Right to Light

陽ととなり

グラスワンダー

朝、起きて洗面所に行くとタオル掛けが外れていた。ビスで止まっていた形跡があるがそのビスがない。取れた面を見ると両面テープで貼り付けていただけのようだ。壁紙用のものだろうか。

新品のバターを開ける。銀紙を剥がす。綺麗に剥がれず少し破れてしまった。別に慎重になっていた訳ではないが猛烈に悲しくなった。

机の上を片付ける。型紙の類を全部捨てた。必要になったらまた書けばいいのだ。かなりすっきりしたけど座ろうとは思わない。

説明をする、ということがどんどん出来なくなっている。言葉が出てこないどころかそもそもの考えがまとまっていない。それでも何か言わなければと思うけれど、思うだけ苦しくまた何も生み出さず、思い出にならない。覚えていたいことを覚えていられない。昔の自分が書いた文章を読み返してみる。拙くはあるけれど真っ直ぐだ。知って欲しいけどひけらかしたくはない、複雑に見え隠れする顕示欲がもどかしい。仄かな詩性を残そうと試行錯誤している頭が愛おしい。そんな理性と共に垂れ流した言葉をなにより自分で愛していた。昔の自分は、拗らせ尊大で斜に構えていたけれど一本の芯があったように思う。
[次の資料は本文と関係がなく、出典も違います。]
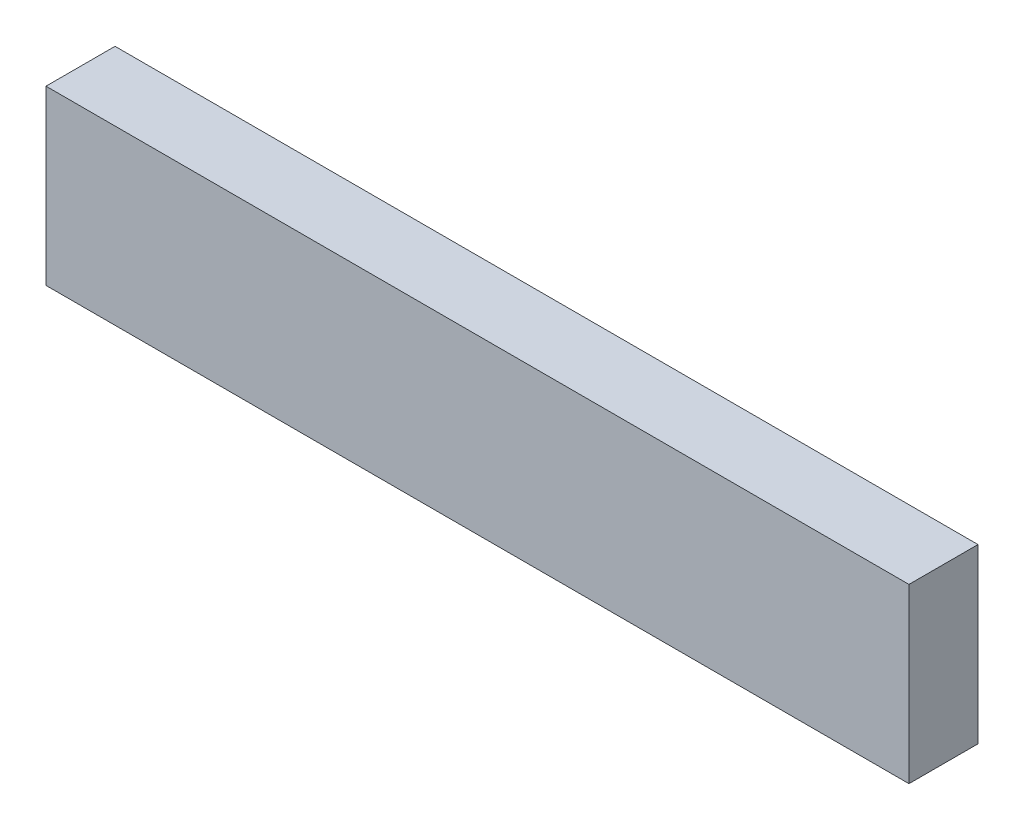
SolidWorks part; units mm, degrees
ref_plane "前视基准面" through (0, 0, 0) normal (0, 0, 1) x (1, 0, 0)
ref_plane "上视基准面" through (0, 0, 0) normal (0, 1, 0) x (1, 0, 0)
ref_plane "右视基准面" through (0, 0, 0) normal (1, 0, 0) x (0, 0, -1)
other "Configuration Table"
sketch "草图1" plane through (0, 0, 0) normal (0, 0, 1) x (1, 0, 0)
  line L1 (-125, -25) -> (125, -25)
  line L2 (-125, -25) -> (-125, 25)
  line L3 (-125, 25) -> (125, 25)
  line L4 (125, -25) -> (125, 25)
  line L5 (-125, -25) -> (125, 25) construction
  line L6 (-125, 25) -> (125, -25) construction
  point P0 (0, 0)
extrude "凸台-拉伸1" add sketch "草图1" along normal blind 20

自分は自分でしかないと確証も無く信じそのスタイルこそが自分であると、己の中で(あるいはもがく生活の中で)価値を見出して生きていた。当時は当時でしんどい思いをしていたが今ではそれがすごく眩しい。

行きたいところがたくさんある。見たい映画も本も漫画もたくさんある。作りたいものだって、手紙だってもっと書きたい。頭にはあっても、生活の中の小さな小さな失敗が未来に靄をかける。酷く疲れた。涙か出る。